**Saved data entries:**

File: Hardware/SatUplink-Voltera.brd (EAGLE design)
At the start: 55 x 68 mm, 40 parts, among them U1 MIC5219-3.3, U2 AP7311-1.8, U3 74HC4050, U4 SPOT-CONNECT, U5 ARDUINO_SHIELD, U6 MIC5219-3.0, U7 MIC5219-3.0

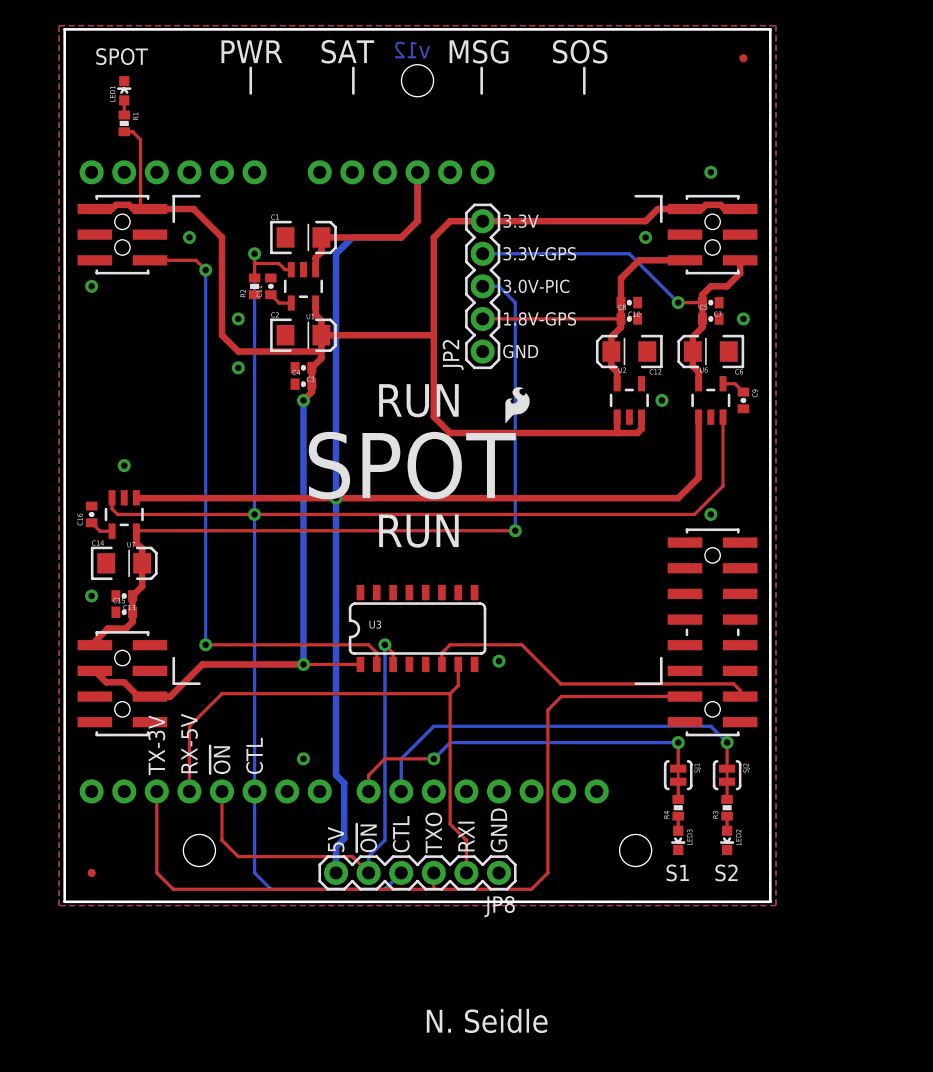
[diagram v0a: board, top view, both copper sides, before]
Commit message: Voltera Edits
The V12 board has been edited to fit onto the Voltera Arduino Uno
substrate board.
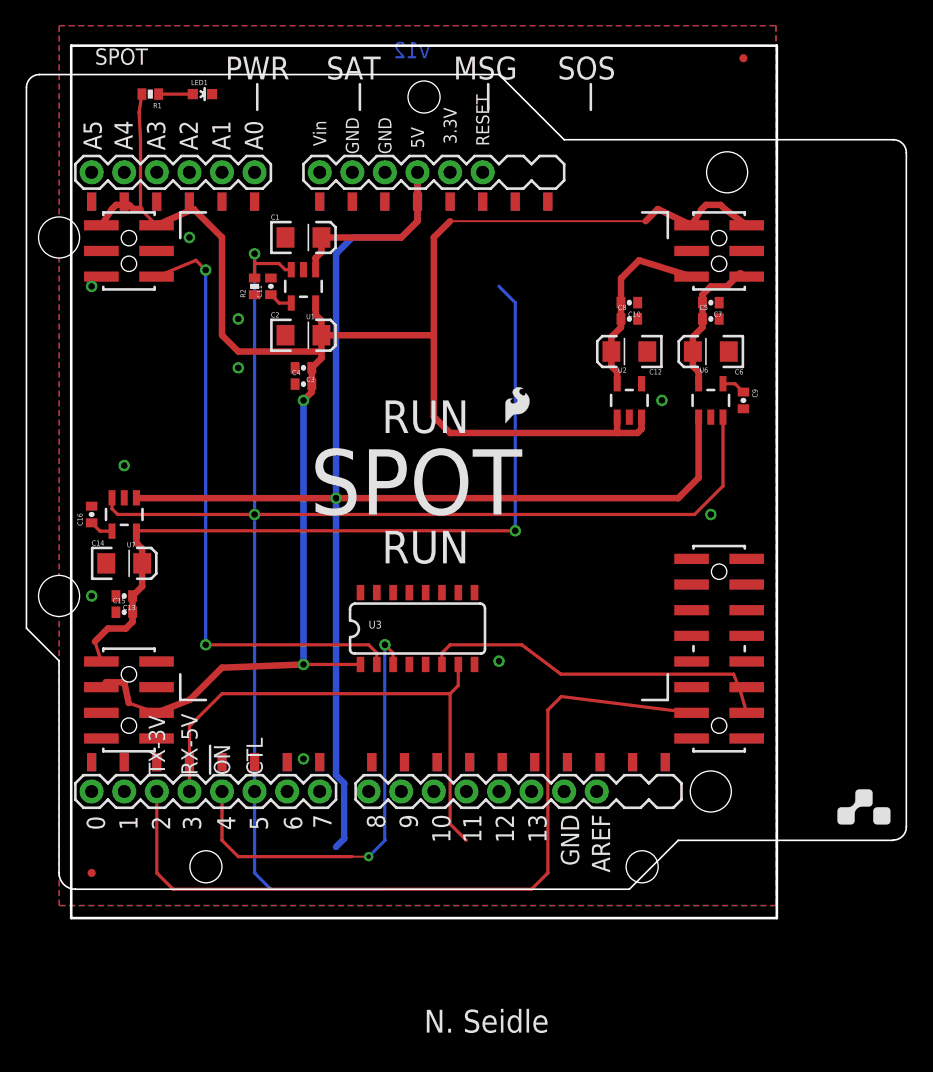
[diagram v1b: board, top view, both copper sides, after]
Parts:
- removed JP2: (no value), SparkFun:1X05
- removed JP8: (no value), SparkFun:1X06
- removed LED2: Blue, SparkFun:LED-0603
- removed LED3: Green, SparkFun:LED-0603
- removed R3, R4: 330, SparkFun:0402-RES
- removed SJ1, SJ2: (no value), SparkFun:SJ_2S-TRACE
- added U$4: TEMPLATE_ARDUINO_UNO_SHIELD, voltera_EAGLE_community_lib:ARDUINO_UNO
- U3: value 74HC4050 -> 74HC5040
- moved U$3 16.4 mm to (41.7, 21.1)
- moved LED1 6.10 mm to (10.7, 63.0), turned to 270 degrees
- moved R1 3.06 mm to (6.60, 63.0), turned to 180 degrees
- moved U4 1.37 mm to (27.9, 32.8)
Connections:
- removed net N$2: R4.2, SJ1.2
- removed net N$3: R3.2, SJ2.2
- removed net N$5: LED2.A, R3.1
- removed net N$6: LED3.A, R4.1
- net !ON-5V: now also U$4.4@1, U$4.4@2; no longer JP8.5
- net 1.8V-GPS: no longer JP2.2
- net 3.3V: no longer JP2.5
- net 3V-GPS: no longer JP2.4
- net 3V-PIC: no longer JP2.3
- net 5V: now also U$4.5V@1, U$4.5V@2; no longer JP8.6
- net GND: now also U$4.GND..@1, U$4.GND..@2, U$4.GND.@1, U$4.GND.@2, U$4.GND@1, U$4.GND@2, U5.D11; no longer JP2.1, JP8.1, LED2.C, LED3.C
- net N$7: now also U$4.8@1, U$4.8@2; no longer SJ1.1
- net N$8: now also U$4.9@1, U$4.9@2; no longer SJ2.1
- net PWRCTL: now also U$4.5@1, U$4.5@2; no longer JP8.4
- net SPOT-RX-5V: now also U$4.3@1, U$4.3@2; no longer JP8.2
- net SPOT-TX-3V: now also U$4.2@1, U$4.2@2; no longer JP8.3
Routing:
- net N$8: track 31.6 -> 0.00 mm, vias 1 -> 0
- net N$7: track 28.5 -> 0.00 mm, vias 2 -> 0
- net 3V-GPS: track 30.8 -> 11.6 mm, vias 1 -> 0
- net 1.8V-GPS: track 25.1 -> 15.0 mm
- net 3.3V: track 152.3 -> 157.7 mm
- net SPOT-RX-5V: track 43.5 -> 41.0 mm
- net 5V: track 123.7 -> 121.7 mm
- net !ON-5V: track 36.4 -> 34.6 mm, vias 1 -> 2
- net PWRCTL: track 120.6 -> 118.8 mm
- net N$38: track 1.14 -> 2.66 mm
- net SPOT-RX-3V: track 26.3 -> 27.8 mm
- net N$3: track 1.38 -> 0.00 mm
- net N$2: track 1.38 -> 0.00 mm
- net N$6: track 1.14 -> 0.00 mm
- net N$5: track 1.14 -> 0.00 mm
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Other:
- board size 55 x 68 mm -> 68.6 x 63.5 mm
- board text removed: "1.8V-GPS"
- board text removed: "3.0V-PIC"
- board text removed: "3.3V"
- board text removed: "3.3V-GPS"
- board text removed: "5V"
- board text removed: "GND"
- board text removed: "RXI"
- board text removed: "S1"
- board text removed: "S2"
- board text removed: "TXO"

**PROBLEM REQUIREMENTS:** Set down, from the entries above, exactly the lines from the one with "- net 1.8V-GPS: track 25.1 -> 15.0 mm" up to and including the one with "- net N$3: track 1.38 -> 0.00 mm", and no other lines.

**RESPONSE TO THE EXERCISE:**
- net 1.8V-GPS: track 25.1 -> 15.0 mm
- net 3.3V: track 152.3 -> 157.7 mm
- net SPOT-RX-5V: track 43.5 -> 41.0 mm
- net 5V: track 123.7 -> 121.7 mm
- net !ON-5V: track 36.4 -> 34.6 mm, vias 1 -> 2
- net PWRCTL: track 120.6 -> 118.8 mm
- net N$38: track 1.14 -> 2.66 mm
- net SPOT-RX-3V: track 26.3 -> 27.8 mm
- net N$3: track 1.38 -> 0.00 mm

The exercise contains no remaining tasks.